Дядя Сева, наоборот, обрадовался его присутствию. Сначала воодушевившись заживлением рассеченной брови одному ему известными целительными мазями, а затем находя занятие в приготовлении ужинов и развлечении гостя.
Егор молчал, дядя Сева говорил, Михалыч лопал перловку со свежей рыбой, поглядывая на странных людей.
Егор набирал статьи, дядя Сева читал Вулрича, а Михалыч трескал артек с говядиной.
Так проходили дни, чтобы однажды под воротами дома на отшибе села в Черниговской области появилась Руслана.
Лукин хмуро смотрел, как она торопливо шла к калитке.
Сколько еще шансов будет ему даровано? Сколько еще раз она будет его проверять, выжидая? Сколько дополнительного экстрима ей понадобится, чтобы признать за другими право на недостатки?
Жить так день за днем… Тогда как он хочет обыденности и садовника.
Бред. Обоюдный бред.
Она оглянулась на окна.

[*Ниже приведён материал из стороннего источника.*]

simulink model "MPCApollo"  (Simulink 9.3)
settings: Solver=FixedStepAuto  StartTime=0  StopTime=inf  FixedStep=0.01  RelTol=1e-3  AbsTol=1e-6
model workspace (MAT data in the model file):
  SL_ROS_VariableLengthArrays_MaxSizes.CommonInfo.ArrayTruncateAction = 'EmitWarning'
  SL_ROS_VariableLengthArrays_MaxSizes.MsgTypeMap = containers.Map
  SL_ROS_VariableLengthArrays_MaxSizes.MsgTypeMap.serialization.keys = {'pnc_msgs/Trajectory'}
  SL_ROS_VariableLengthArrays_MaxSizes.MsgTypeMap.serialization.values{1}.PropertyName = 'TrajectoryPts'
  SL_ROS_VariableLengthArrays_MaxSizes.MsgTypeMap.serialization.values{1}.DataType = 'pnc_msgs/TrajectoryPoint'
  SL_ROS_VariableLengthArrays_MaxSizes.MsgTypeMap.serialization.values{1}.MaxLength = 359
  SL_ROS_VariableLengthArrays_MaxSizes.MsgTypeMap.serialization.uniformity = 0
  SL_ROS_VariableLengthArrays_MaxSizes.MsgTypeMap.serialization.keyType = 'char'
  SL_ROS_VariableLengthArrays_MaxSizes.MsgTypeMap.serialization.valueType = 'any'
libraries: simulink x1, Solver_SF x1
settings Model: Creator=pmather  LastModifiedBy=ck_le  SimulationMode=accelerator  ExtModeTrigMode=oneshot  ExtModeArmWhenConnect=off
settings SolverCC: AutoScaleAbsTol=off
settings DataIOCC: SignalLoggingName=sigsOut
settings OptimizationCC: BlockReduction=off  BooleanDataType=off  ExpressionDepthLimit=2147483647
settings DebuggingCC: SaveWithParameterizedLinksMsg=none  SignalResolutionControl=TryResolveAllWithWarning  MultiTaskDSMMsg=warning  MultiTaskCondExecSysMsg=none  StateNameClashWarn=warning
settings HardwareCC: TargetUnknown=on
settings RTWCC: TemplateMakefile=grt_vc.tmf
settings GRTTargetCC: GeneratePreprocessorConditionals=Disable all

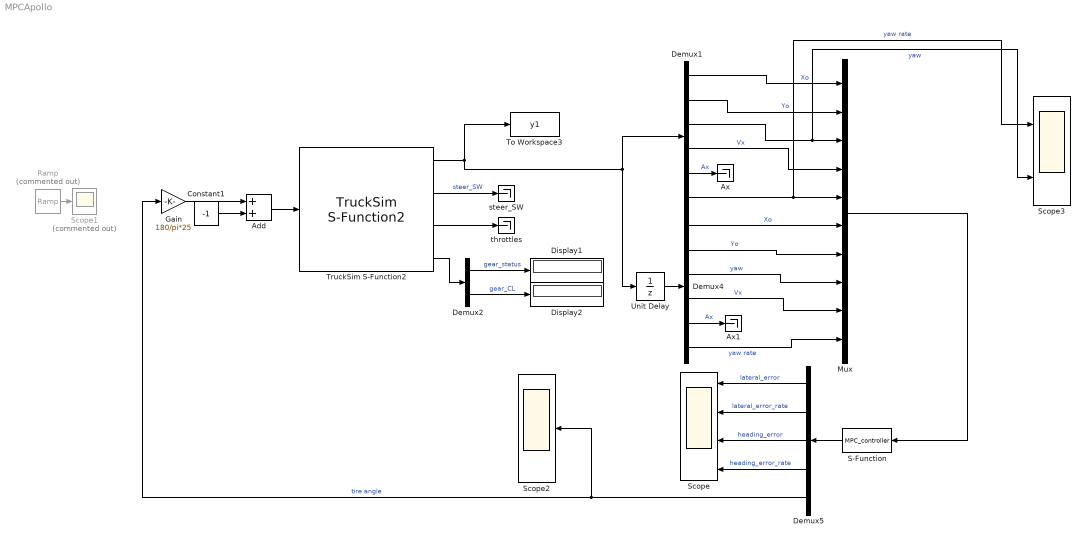
== system MPCApollo ==
  Add : Sum
  Ax : Terminator
  Ax1 : Terminator
  Constant1 : Constant  Value=-1
  Demux1 : Demux  Outputs=6
  Demux2 : Demux  Outputs=2
  Demux4 : Demux  Outputs=6
  Demux5 : Demux  Outputs=5
  Display1 : Display
  Display2 : Display
  Gain : Gain  Gain=180/pi*25
  Mux : Mux  Inputs=10
  Ramp : simulink/Sources/Ramp  Commented=on  slope=100  start=0  InitialOutput=0
  S-Function : S-Function  FunctionName=MPC_controller  SFunctionDeploymentMode=off  EnableBusSupport=off
  Scope : Scope  NumInputPorts=4
  Scope1 : Scope  Commented=on
  Scope2 : Scope
  Scope3 : Scope  NumInputPorts=2
  To Workspace3 : ToWorkspace  VariableName=y1  SaveFormat=Timeseries  SampleTime=-1
  TruckSim S-Function2 : Solver_SF/TruckSim S-Function2  Priority=1  VehicleCode=s_s  SIMFILE=simfile.sim
      settings: AttributesFormatString=Vehicle Code: %<VehicleCode>
  Unit Delay : UnitDelay  SampleTime=-1  HasFrameUpgradeWarning=on
  steer_SW : Terminator
  throttles : Terminator
  wires:
  TruckSim S-Function2/1 -> To Workspace3/1, Unit Delay/1, Demux1/1
  Demux1/4 -> Mux/4  "Vx"
  Demux1/6 -> Scope3/1, Mux/5  "yaw rate"
  Demux2/1 -> Display1/1  "gear_status"
  Demux2/2 -> Display2/1  "gear_CL"
  TruckSim S-Function2/2 -> steer_SW/1  "steer_SW"
  TruckSim S-Function2/3 -> throttles/1
  TruckSim S-Function2/4 -> Demux2/1
  Demux1/3 -> Scope3/2, Mux/3  "yaw"
  Unit Delay/1 -> Demux4/1
  Demux4/1 -> Mux/6  "Xo"
  Demux4/2 -> Mux/7  "Yo"
  Demux4/3 -> Mux/8  "yaw"
  Demux4/4 -> Mux/9  "Vx"
  Demux4/5 -> Ax1/1  "Ax"
  Demux4/6 -> Mux/10  "yaw rate"
  Demux1/5 -> Ax/1  "Ax"
  Demux1/2 -> Mux/2  "Yo"
  Demux1/1 -> Mux/1  "Xo"
  Mux/1 -> S-Function/1
  S-Function/1 -> Demux5/1
  Demux5/5 -> Scope2/1, Gain/1  "tire angle"
  Demux5/3 -> Scope/3  "heading_error"
  Demux5/2 -> Scope/2  "lateral_error_rate"
  Demux5/1 -> Scope/1  "lateral_error"
  Demux5/4 -> Scope/4  "heading_error_rate"
  Ramp/1 -> Scope1/1
  Add/1 -> TruckSim S-Function2/1
  Constant1/1 -> Add/2
  Gain/1 -> Add/1

Увидела его. А он разглядел, отчетливо и ясно, как она всхлипнула. Ревет. Опять ревет. И отчаянно смотрит прямо на него.
Егор отлепился от окна, еще секунда…
А в следующее мгновение даже секунд не стало – ход времени изменился. Из вольера вылетел Михалыч, видимо, обожравшийся артека. И повалил Росомаху на землю. Только и слышно было, что рык и перепуганный визг. Да кеды зеленые мелькнули в воздухе. А когда Лукин подлетал к Руслане, мелькал собачий язык, облизывая ее руки, которыми она прикрыла лицо.
– Михалыч, твою ж мать, сволочь дружеобильная! – рявкнул Егор и схватил волкодава за ошейник, оттаскивая его тушу от Росомахи. Тот весело фыркал и мотал лохматой башкой, посверкивая блестящим, черным, как уголь, глазом.
Руська вывернулась из-под пса и отползла в сторону, к небольшому колодцу, стоявшему поблизости. Мокрыми ладонями размазывала грязь по щекам. Захлебывалась и смехом, и плачем. И наблюдала, как Лукин волочет собаку в вольер. Колготки были порваны. Куртка перепачкана. Она казалась замерзшей и испуганной одновременно. Но вместо того, чтобы пытаться успокоиться, громко выдала:
– Ты когда-нибудь перестанешь меня спасать?
Он запер пса, для надежности сунул в петли засова согнутую подковой арматурину и подошел к Руслане. Протянул ей руки и спросил:
– Ты этого хочешь?
Она глядела на его ладони, хмурилась. Заплаканные глаза сверкали не хуже, чем у Михалыча, только совсем не весело. Где-то вскрикнула ворона, а следом, сквозь дождь, заверещал зяблик.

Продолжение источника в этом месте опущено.